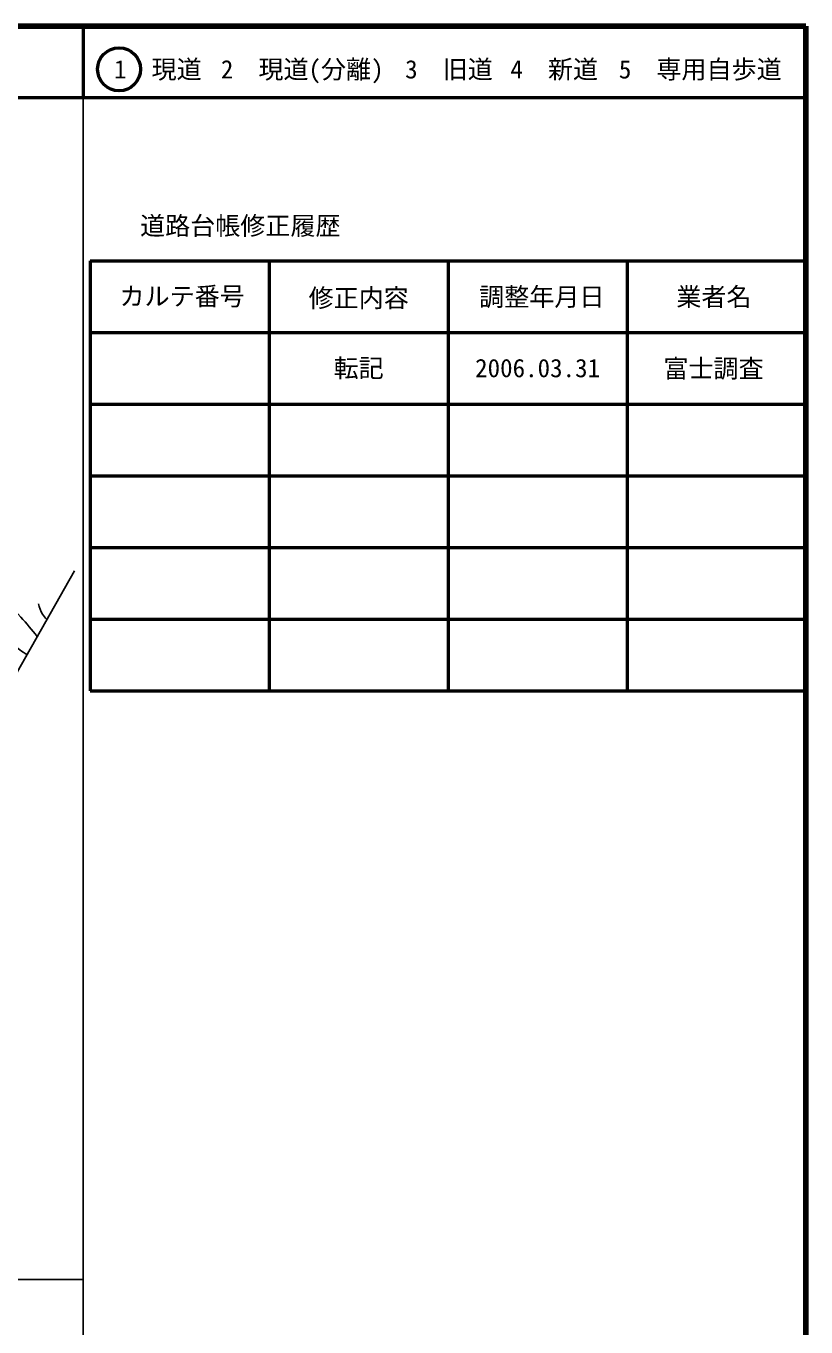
# Model space of a CAD drawing. Units: millimetres, scale not verified. Extents: x 40000 to 680000, y 20000 to 380000.
# Drawn here: x 571029 to 680000, y 198357 to 380000 of the extents above; entities that cross this region are included whole.
import ezdxf
from ezdxf.enums import TextEntityAlignment as Align

# ---------------------------------------------------------------- set-up
doc = ezdxf.new("R2010")
doc.units = ezdxf.units.MM
doc.header["$LTSCALE"] = 1000
for name, color, linetype, lineweight in [('M-BGD', 7, 'Continuous', 25), ('M-TTL', 2, 'Continuous', 140), ('M-TTL-BAND', 7, 'Continuous', 25), ('M-TTL-FRAM', 2, 'Continuous', 50), ('M-TTL-LINE', 7, 'Continuous', 50)]:
    doc.layers.add(name, color=color, linetype=linetype, lineweight=lineweight)
doc.layers.add('M-TTL-TXT', color=7, linetype='Continuous')
doc.styles.add('ＭＳ ゴシック', font='')
doc.styles.get('ＭＳ ゴシック').set_extended_font_data('MS Gothic')

msp = doc.modelspace()

# ---------------------------------------------------------------- linework, layer by layer
at = {"layer": 'M-BGD'}
msp.add_lwpolyline([(577807, 303926), (566948, 284838), (551954, 258883)], dxfattribs=at)
for points, knots in [([(557532, 304911), (558824, 304094), (560116, 303277), (561272, 302303), (563268, 300617), (564856, 298461), (566623, 296515), (567337, 295729), (568080, 294978), (568811, 294203), (569241, 293746), (569667, 293282), (570157, 292901), (570474, 292654), (570817, 292443), (571167, 292240)], [0, 0, 0, 0, 1, 1, 1, 2, 2, 2, 3, 3, 3, 4, 4, 4, 5, 5, 5, 5]), ([(566644, 301224), (567893, 299991), (569143, 298759), (570315, 297456), (571098, 296585), (571847, 295683), (572589, 294774)], [0, 0, 0, 0, 1, 1, 1, 2, 2, 2, 2]), ([(572754, 299345), (572912, 298836), (573070, 298328), (573335, 297886), (573499, 297613), (573703, 297365), (573927, 297131)], [0, 0, 0, 0, 1, 1, 1, 2, 2, 2, 2])]:
    msp.add_open_spline(points, degree=3, knots=knots, dxfattribs=at)
at = {"layer": 'M-TTL'}
for p, q in [((680000, 380000), (40000, 380000)), ((680000, 20000), (680000, 380000))]:
    msp.add_line(p, q, dxfattribs=at)
at = {"layer": 'M-TTL-BAND'}
for p, q in [((579000, 20000), (579000, 370000)), ((40000, 205000), (579000, 205000))]:
    msp.add_line(p, q, dxfattribs=at)
at = {"layer": 'M-TTL-FRAM'}
for p, q in [((580000, 347197), (580000, 287197)), ((580000, 347197), (680000, 347197)), ((580000, 287197), (680000, 287197))]:
    msp.add_line(p, q, dxfattribs=at)
at = {"layer": 'M-TTL-LINE'}
for p, q in [((579000, 380000), (579000, 370000)), ((40000, 370000), (680000, 370000)), ((605000, 347197), (605000, 287197)), ((630000, 347197), (630000, 287197)), ((655000, 347197), (655000, 287197)), ((580000, 337197), (680000, 337197)), ((580000, 327197), (680000, 327197)), ((580000, 317197), (680000, 317197)), ((580000, 307197), (680000, 307197)), ((580000, 297197), (680000, 297197))]:
    msp.add_line(p, q, dxfattribs=at)
msp.add_circle((584031, 373958), 3000, dxfattribs=at)

# ---------------------------------------------------------------- texts
at = {"layer": 'M-TTL-TXT', "style": 'ＭＳ ゴシック'}
for s, p in [('1\u3000現道', (589448, 373958)), ('2\u3000現道(分離)', (609619, 373958)), ('3\u3000旧道', (630121, 373958)), ('4\u3000新道', (644824, 373958)), ('5\u3000専用自歩道', (665228, 373958)), ('道路台帳修正履歴', (600968, 352113)), ('カルテ番号', (592839, 342277)), ('修正内容', (617509, 342023)), ('調整年月日', (643089, 342197)), ('業者名', (667134, 342197)), ('転記', (617500, 332245)), ('2006.03.31', (642500, 332245)), ('富士調査', (667077, 332189))]:
    msp.add_text(s, height=2566, dxfattribs=at).set_placement(p, align=Align.MIDDLE_CENTER)

doc.saveas('drawing.dxf')

▬▬▬

The copy must match every line of the data exactly and contain no pictures.

# Model space of a CAD drawing. Units: millimetres, scale not verified. Extents: x 40000 to 680000, y 20000 to 380000.
# Drawn here: x 571029 to 680000, y 198357 to 380000 of the extents above; entities that cross this region are included whole.
import ezdxf
from ezdxf.enums import TextEntityAlignment as Align

# ---------------------------------------------------------------- set-up
doc = ezdxf.new("R2010")
doc.units = ezdxf.units.MM
doc.header["$LTSCALE"] = 1000
for name, color, linetype, lineweight in [('M-BGD', 7, 'Continuous', 25), ('M-TTL', 2, 'Continuous', 140), ('M-TTL-BAND', 7, 'Continuous', 25), ('M-TTL-FRAM', 2, 'Continuous', 50), ('M-TTL-LINE', 7, 'Continuous', 50)]:
    doc.layers.add(name, color=color, linetype=linetype, lineweight=lineweight)
doc.layers.add('M-TTL-TXT', color=7, linetype='Continuous')
doc.styles.add('ＭＳ ゴシック', font='')
doc.styles.get('ＭＳ ゴシック').set_extended_font_data('MS Gothic')

msp = doc.modelspace()

# ---------------------------------------------------------------- linework, layer by layer
at = {"layer": 'M-BGD'}
msp.add_lwpolyline([(577807, 303926), (566948, 284838), (551954, 258883)], dxfattribs=at)
for points, knots in [([(557532, 304911), (558824, 304094), (560116, 303277), (561272, 302303), (563268, 300617), (564856, 298461), (566623, 296515), (567337, 295729), (568080, 294978), (568811, 294203), (569241, 293746), (569667, 293282), (570157, 292901), (570474, 292654), (570817, 292443), (571167, 292240)], [0, 0, 0, 0, 1, 1, 1, 2, 2, 2, 3, 3, 3, 4, 4, 4, 5, 5, 5, 5]), ([(566644, 301224), (567893, 299991), (569143, 298759), (570315, 297456), (571098, 296585), (571847, 295683), (572589, 294774)], [0, 0, 0, 0, 1, 1, 1, 2, 2, 2, 2]), ([(572754, 299345), (572912, 298836), (573070, 298328), (573335, 297886), (573499, 297613), (573703, 297365), (573927, 297131)], [0, 0, 0, 0, 1, 1, 1, 2, 2, 2, 2])]:
    msp.add_open_spline(points, degree=3, knots=knots, dxfattribs=at)
at = {"layer": 'M-TTL'}
for p, q in [((680000, 380000), (40000, 380000)), ((680000, 20000), (680000, 380000))]:
    msp.add_line(p, q, dxfattribs=at)
at = {"layer": 'M-TTL-BAND'}
for p, q in [((579000, 20000), (579000, 370000)), ((40000, 205000), (579000, 205000))]:
    msp.add_line(p, q, dxfattribs=at)
at = {"layer": 'M-TTL-FRAM'}
for p, q in [((580000, 347197), (580000, 287197)), ((580000, 347197), (680000, 347197)), ((580000, 287197), (680000, 287197))]:
    msp.add_line(p, q, dxfattribs=at)
at = {"layer": 'M-TTL-LINE'}
for p, q in [((579000, 380000), (579000, 370000)), ((40000, 370000), (680000, 370000)), ((605000, 347197), (605000, 287197)), ((630000, 347197), (630000, 287197)), ((655000, 347197), (655000, 287197)), ((580000, 337197), (680000, 337197)), ((580000, 327197), (680000, 327197)), ((580000, 317197), (680000, 317197)), ((580000, 307197), (680000, 307197)), ((580000, 297197), (680000, 297197))]:
    msp.add_line(p, q, dxfattribs=at)
msp.add_circle((584031, 373958), 3000, dxfattribs=at)

# ---------------------------------------------------------------- texts
at = {"layer": 'M-TTL-TXT', "style": 'ＭＳ ゴシック'}
for s, p in [('1\u3000現道', (589448, 373958)), ('2\u3000現道(分離)', (609619, 373958)), ('3\u3000旧道', (630121, 373958)), ('4\u3000新道', (644824, 373958)), ('5\u3000専用自歩道', (665228, 373958)), ('道路台帳修正履歴', (600968, 352113)), ('カルテ番号', (592839, 342277)), ('修正内容', (617509, 342023)), ('調整年月日', (643089, 342197)), ('業者名', (667134, 342197)), ('転記', (617500, 332245)), ('2006.03.31', (642500, 332245)), ('富士調査', (667077, 332189))]:
    msp.add_text(s, height=2566, dxfattribs=at).set_placement(p, align=Align.MIDDLE_CENTER)

doc.saveas('drawing.dxf')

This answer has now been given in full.